A historical dimension of the link between new technologies and the visual is prominently present in the texts by Matylda Szewczyk and Artur Szarecki. In her article, Stories from Ultrasonographic Depths, Matylda Szewczyk presents a section, constructed around technological images, of the cultural history of visualisation of the fetus, exploring junctures between the female body and technology, ‘life’ biological and mechanical. In an excerpt from Artur Szarecki’s Somatic Capitalism: Body and Power in Corporate Culture, recently published by Wydawnictwa Drugie, appearing in our panorama, the author examines forms of factory management and forms of control over workers’ bodies at the turn of the 19th century e.g. in relation to photographic visualisations of motion which exceed the capacities of the human eye.

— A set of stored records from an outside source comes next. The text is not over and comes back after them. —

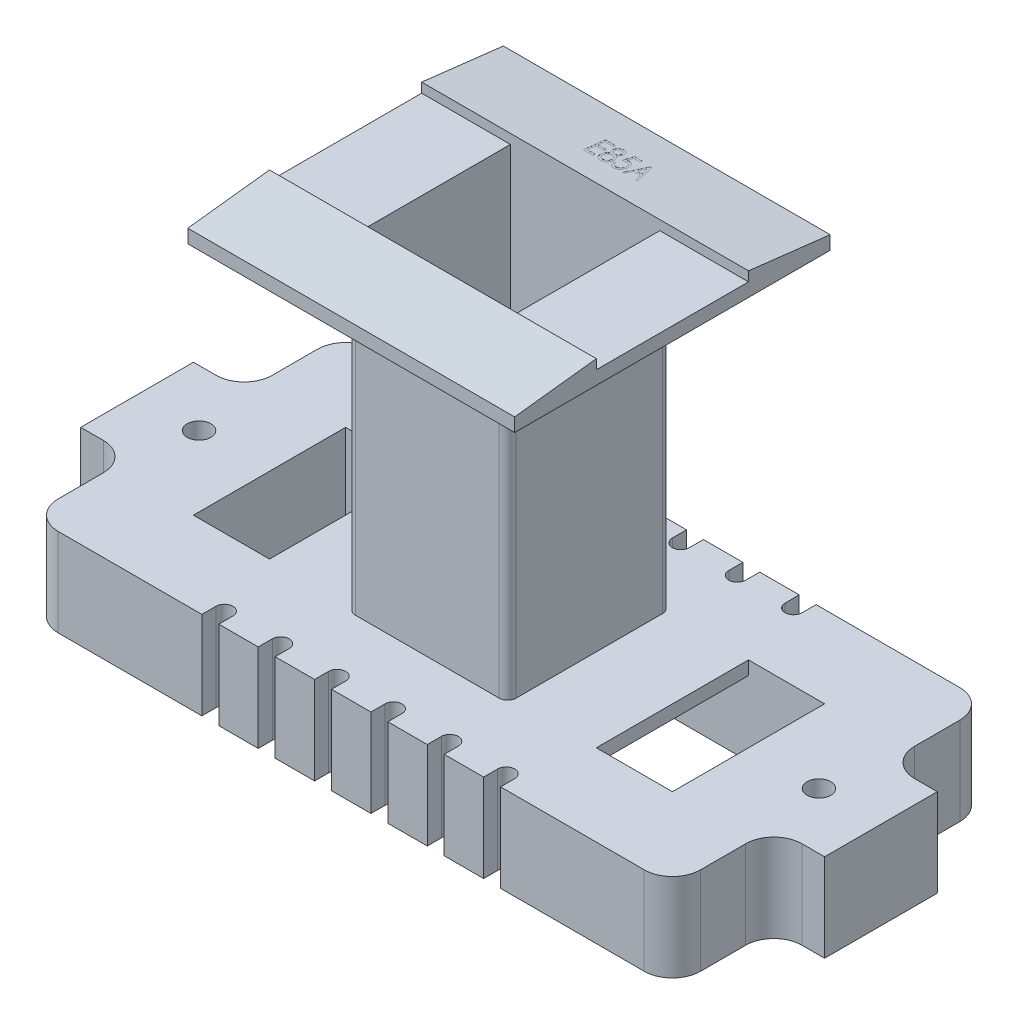
SolidWorks part; units mm, degrees
material "ABS"
ref_plane "Front Plane" through (0, 0, 0) normal (0, 0, 1) x (1, 0, 0)
ref_plane "Top Plane" through (0, 0, 0) normal (0, 1, 0) x (1, 0, 0)
ref_plane "Right Plane" through (0, 0, 0) normal (1, 0, 0) x (0, 0, -1)
sketch "Sketch2" plane through (0, 0, 0) normal (0, 1, 0) x (1, 0, 0)
  line L0 (14.25, -14.5) -> (14.25, 14.5)
  line L5 (13.25, -13.5) -> (-13.25, -13.5)
  line L6 (13.25, -13.5) -> (13.25, 13.5)
  line L11 (13.25, 13.5) -> (-13.25, 13.5)
  line L12 (-13.25, -13.5) -> (-13.25, 13.5)
  line L13 (13.25, -13.5) -> (-13.25, 13.5) construction
  line L14 (13.25, 13.5) -> (-13.25, -13.5) construction
  line L15 (14.25, 14.5) -> (-14.25, 14.5)
  line L16 (-14.25, -14.5) -> (-14.25, 14.5)
  line L17 (14.25, -14.5) -> (-14.25, -14.5)
  point P0 (0, 0)
  point P1 (0, 0)
  point P5 (0, 0)
  dimension "D1" = 27
  dimension "D2" = 26.5
  dimension "D3" = 1
extrude "Boss-Extrude1" add sketch "Sketch2" along normal mid plane 55.7
sketch "Sketch4" plane through (0, 27.85, 0) normal (0, 1, 0) x (1, 0, 0)
  line L1 (-29, -28) -> (29, -28)
  line L2 (-29, -28) -> (-29, 28)
  line L3 (-29, 28) -> (29, 28)
  line L4 (29, -28) -> (29, 28)
  line L5 (-29, -28) -> (29, 28) construction
  line L6 (-29, 28) -> (29, -28) construction
  line L14 (13.25, -13.5) -> (13.25, 13.5) construction
  line L15 (-13.25, -13.5) -> (13.25, -13.5) construction
  line L16 (-13.25, 13.5) -> (-13.25, -13.5) construction
  line L17 (13.25, 13.5) -> (-13.25, 13.5) construction
  line L18 (13.25, -13.5) -> (13.25, 13.5)
  line L19 (-13.25, -13.5) -> (13.25, -13.5)
  line L20 (-13.25, 13.5) -> (-13.25, -13.5)
  line L21 (13.25, 13.5) -> (-13.25, 13.5)
  point P0 (0, 0)
  dimension "D1" = 58
  dimension "D2" = 56
extrude "Boss-Extrude2" add sketch "Sketch4" along normal blind 2.4
mirror "Mirror1" about plane through (0, 0, 0) normal (0, 1, 0) of "Boss-Extrude2"
fillet "Fillet1" radius 1.5 4 edges at (-14.25, 0, 14.5) (-14.25, 0, -14.5) (14.25, 0, -14.5) (14.25, 0, 14.5)
sketch "Sketch5" plane through (0, 0, 0) normal (1, 0, 0) x (0, 0, -1)
  line L0 (-28, 30.25) -> (-13.5, 31.95)
  line L1 (-13.5, 31.95) -> (-13.5, 30.25)
  line L2 (-28, 30.25) -> (28, 30.25) construction
  line L4 (-13.5, 30.25) -> (-28, 30.25)
  line L5 (0, 0) -> (0, 38.1311) construction
  line L7 (28, 30.25) -> (13.5, 31.95)
  line L8 (13.5, 30.25) -> (28, 30.25)
  line L10 (-13.5, 30.25) -> (-13.5, -30.25) construction
  line L11 (13.5, 31.95) -> (13.5, 30.25)
  dimension "D1" = 1.7
extrude "Boss-Extrude3" add sketch "Sketch5" along normal mid plane 58
sketch "Sketch9" plane through (0, 33.0781, -3.8781) normal (0, 0.9932, -0.1164) x (1, 0, 0)
  line L0 (-29, 14.1878) -> (29, 14.1878) construction
  line L1 (-29, 24.2871) -> (-29, 9.6878) construction
  line L2 (29, 24.2871) -> (29, 9.6878) construction
  line L4 (29, 9.6878) -> (-29, 9.6878) construction
  text T0 "E85A" font "Century Gothic" height 4
  dimension "D1" = 4.5
extrude "Cut-Extrude2" cut sketch "Sketch9" against normal blind 0.01
sketch "Sketch8" plane through (0, -30.25, 0) normal (0, -1, 0) x (1, 0, 0)
  line L1 (-29, -28) -> (29, -28)
  line L2 (29, -28) -> (29, -13.5)
  line L37 (29, -13.5) -> (-29, -13.5)
  line L42 (-29, -13.5) -> (-29, -28)
  line L58 (0, 0) -> (37.0568, 0) construction
  line L79 (-29, 13.5) -> (-29, 28)
  line L82 (29, 13.5) -> (-29, 13.5)
  line L83 (29, 28) -> (29, 13.5)
  line L84 (-29, 28) -> (29, 28)
extrude "Boss-Extrude4" add sketch "Sketch8" along normal blind 13.2
sketch "Sketch11" plane through (0, -43.45, 0) normal (0, -1, 0) x (1, 0, 0)
  line L0 (0, 8.5975) -> (0, -6.374) construction
  line L3 (0, 0) -> (9.2559, 0) construction
  line L4 (29, 13.5) -> (42.5, 13.5)
  line L5 (29, -13.5) -> (42.5, -13.5)
  line L6 (42.5, 13.5) -> (42.5, -13.5)
  line L7 (29, 28) -> (29, 13.5)
  line L8 (13.25, 13.5) -> (29, 13.5) construction
  line L11 (29, -28) -> (29, -13.5)
  line L21 (29, 28) -> (52, 28)
  line L22 (57, 23) -> (57, 15)
  line L23 (62, 10) -> (66, 10)
  line L24 (66, -10) -> (66, 10)
  line L25 (62, -10) -> (66, -10)
  line L26 (57, -23) -> (57, -15)
  line L27 (29, -28) -> (52, -28)
  line L30 (-29, -28) -> (-52, -28)
  line L31 (-57, -23) -> (-57, -15)
  line L32 (-62, -10) -> (-66, -10)
  line L33 (-66, -10) -> (-66, 10)
  line L34 (-62, 10) -> (-66, 10)
  line L35 (-57, 23) -> (-57, 15)
  line L36 (-29, 28) -> (-52, 28)
  line L37 (-29, -28) -> (-29, -13.5)
  line L40 (-29, 28) -> (-29, 13.5)
  line L41 (-42.5, 13.5) -> (-42.5, -13.5)
  line L42 (-29, -13.5) -> (-42.5, -13.5)
  line L43 (-29, 13.5) -> (-42.5, 13.5)
  circle A3 centre (55, 0) radius 2.1
  arc A8 (52, -28) -> (57, -23) centre (52, -23) ccw
  arc A9 (57, -15) -> (62, -10) centre (62, -15) cw
  arc A10 (57, 23) -> (52, 28) centre (52, 23) ccw
  arc A11 (57, 15) -> (62, 10) centre (62, 15) ccw
  arc A14 (-57, 15) -> (-62, 10) centre (-62, 15) cw
  arc A15 (-57, 23) -> (-52, 28) centre (-52, 23) cw
  arc A16 (-57, -15) -> (-62, -10) centre (-62, -15) ccw
  arc A17 (-52, -28) -> (-57, -23) centre (-52, -23) cw
  circle A18 centre (-55, 0) radius 2.1
  point P4 (0, 0)
  point P5 (0, 0)
  point P6 (29.7122, 28)
  point P7 (29, 13.5)
  point P8 (0, 0)
  point P9 (0, 0)
  point P10 (29, -28)
  point P15 (0, 0)
  point P18 (-29.1436, -13.5)
  point P21 (0, 0)
  point P48 (66, 0)
  point P52 (57, -28)
  point P55 (57, -10)
  point P58 (57, 28)
  point P61 (57, 10)
  point P76 (-57, 10)
  point P77 (-57, 28)
  point P78 (-57, -10)
  point P79 (-57, -28)
  point P80 (-66, 0)
  dimension "D1" = 55
  dimension "D3" = 4.2
  dimension "D7" = 28
  dimension "D9" = 5
  dimension "D2" = 23.5
  dimension "D4" = 42.5
  dimension "D8" = 18
extrude "Boss-Extrude5" add sketch "Sketch11" against normal up to surface (15.6 mm away) up to face at (0, -27.85, 0)
sketch "Sketch7" plane through (0, -30.25, 0) normal (0, -1, 0) x (1, 0, 0)
  line L0 (0, 0) -> (0, 58.3367) construction
  line L2 (-29, -13.5) -> (-29, 13.5) construction
  line L7 (0, 0) -> (-44.9899, 0) construction
  line L23 (-29, 28) -> (29, 28) construction
  line L24 (-26.5, 25.5) -> (-26.5, 28)
  line L25 (-26.5, -25.5) -> (-26.5, -28)
  line L26 (-26.5, 28) -> (-23.5, 28)
  line L27 (-26.5, -28) -> (-23.5, -28)
  line L28 (-23.5, 28) -> (-23.5, 25.5)
  line L29 (-23.5, -28) -> (-23.5, -25.5)
  line L31 (-16.5, 25.5) -> (-16.5, 28)
  line L32 (-16.5, 28) -> (-13.5, 28)
  line L33 (-13.5, 28) -> (-13.5, 25.5)
  line L34 (-6.5, 25.5) -> (-6.5, 28)
  line L35 (-6.5, 28) -> (-3.5, 28)
  line L36 (-3.5, 28) -> (-3.5, 25.5)
  line L37 (3.5, 25.5) -> (3.5, 28)
  line L38 (3.5, 28) -> (6.5, 28)
  line L39 (6.5, 28) -> (6.5, 25.5)
  line L40 (13.5, 25.5) -> (13.5, 28)
  line L41 (13.5, 28) -> (16.5, 28)
  line L42 (16.5, 28) -> (16.5, 25.5)
  line L43 (23.5, 25.5) -> (23.5, 28)
  line L44 (23.5, 28) -> (26.5, 28)
  line L45 (26.5, 28) -> (26.5, 25.5)
  line L46 (-16.5, -25.5) -> (-16.5, -28)
  line L47 (-13.5, -28) -> (-13.5, -25.5)
  line L48 (-16.5, -28) -> (-13.5, -28)
  line L49 (-6.5, -25.5) -> (-6.5, -28)
  line L50 (-3.5, -28) -> (-3.5, -25.5)
  line L51 (-6.5, -28) -> (-3.5, -28)
  line L52 (3.5, -25.5) -> (3.5, -28)
  line L53 (6.5, -28) -> (6.5, -25.5)
  line L54 (3.5, -28) -> (6.5, -28)
  line L55 (13.5, -25.5) -> (13.5, -28)
  line L56 (16.5, -28) -> (16.5, -25.5)
  line L57 (13.5, -28) -> (16.5, -28)
  line L58 (23.5, -25.5) -> (23.5, -28)
  line L59 (26.5, -28) -> (26.5, -25.5)
  line L60 (23.5, -28) -> (26.5, -28)
  arc A0 (-26.5, 25.5) -> (-23.5, 25.5) centre (-25, 25.5) ccw
  arc A1 (-16.5, 25.5) -> (-13.5, 25.5) centre (-15, 25.5) ccw
  arc A2 (-6.5, 25.5) -> (-3.5, 25.5) centre (-5, 25.5) ccw
  arc A3 (3.5, 25.5) -> (6.5, 25.5) centre (5, 25.5) ccw
  arc A4 (13.5, 25.5) -> (16.5, 25.5) centre (15, 25.5) ccw
  arc A5 (23.5, 25.5) -> (26.5, 25.5) centre (25, 25.5) ccw
  arc A6 (23.5, -25.5) -> (26.5, -25.5) centre (25, -25.5) cw
  arc A7 (13.5, -25.5) -> (16.5, -25.5) centre (15, -25.5) cw
  arc A8 (3.5, -25.5) -> (6.5, -25.5) centre (5, -25.5) cw
  arc A9 (-6.5, -25.5) -> (-3.5, -25.5) centre (-5, -25.5) cw
  arc A10 (-16.5, -25.5) -> (-13.5, -25.5) centre (-15, -25.5) cw
  arc A11 (-26.5, -25.5) -> (-23.5, -25.5) centre (-25, -25.5) cw
  arc A12 (-23.5, 25.5) -> (-26.5, 25.5) centre (-25, 25.5) ccw construction
  arc A13 (-13.5, 25.5) -> (-16.5, 25.5) centre (-15, 25.5) ccw construction
  arc A14 (-3.5, 25.5) -> (-6.5, 25.5) centre (-5, 25.5) ccw construction
  arc A15 (6.5, 25.5) -> (3.5, 25.5) centre (5, 25.5) ccw construction
  arc A16 (16.5, 25.5) -> (13.5, 25.5) centre (15, 25.5) ccw construction
  arc A17 (26.5, 25.5) -> (23.5, 25.5) centre (25, 25.5) ccw construction
  arc A18 (-23.5, -25.5) -> (-26.5, -25.5) centre (-25, -25.5) cw construction
  arc A19 (-13.5, -25.5) -> (-16.5, -25.5) centre (-15, -25.5) cw construction
  arc A20 (-3.5, -25.5) -> (-6.5, -25.5) centre (-5, -25.5) cw construction
  arc A21 (6.5, -25.5) -> (3.5, -25.5) centre (5, -25.5) cw construction
  arc A22 (16.5, -25.5) -> (13.5, -25.5) centre (15, -25.5) cw construction
  arc A23 (26.5, -25.5) -> (23.5, -25.5) centre (25, -25.5) cw construction
  dimension "D1" = 3
  dimension "D6" = 6
  dimension "D2" = 4
  dimension "D3" = 2.5
  dimension "D4" = 6
  dimension "D5" = 2.5
  dimension "D7" = 6
extrude "Cut-Extrude1" cut sketch "Sketch7" against normal mid plane 33

Snapshots contain extended discussions of two exhibitions: the latest edition of Berlin-based transmediale and an exhibition interestingly touching upon the relationship between new media, the poetic and affects, Ministry of Internal Affairs. Intimacy as Text. Curiously, the former discussion is the only place in this issue where a possibility of thinking the visual as a tool for obfuscation, as advocated in Finn Brunton’s and Helen Nissendbaum’s famous manifesto of the title, a tool for hiding from, confusing and misleading algorithmic machines of subjection.
Panorama and snapshot sections also bring other articles that are not directly subordinated to the leading theme: Ewa Majewska’s essay (originally written in English) on the work of Ewa Partum; a translation of Charles Harrison’s text on the double meaning of effect in the context of the death of landscape in the 20th century as an appendix to our landscape issue; and Anna R. Burzyńska’s review of Dorota Sajewska’s study, Necroperformance. A Cultural Reconstruction of the Theatre of the Great War.
In our encouraging your clicking on, liking and sharing our new issue, we exercise justified caution, but have no such qualms in our encouragement of your reading the “View”.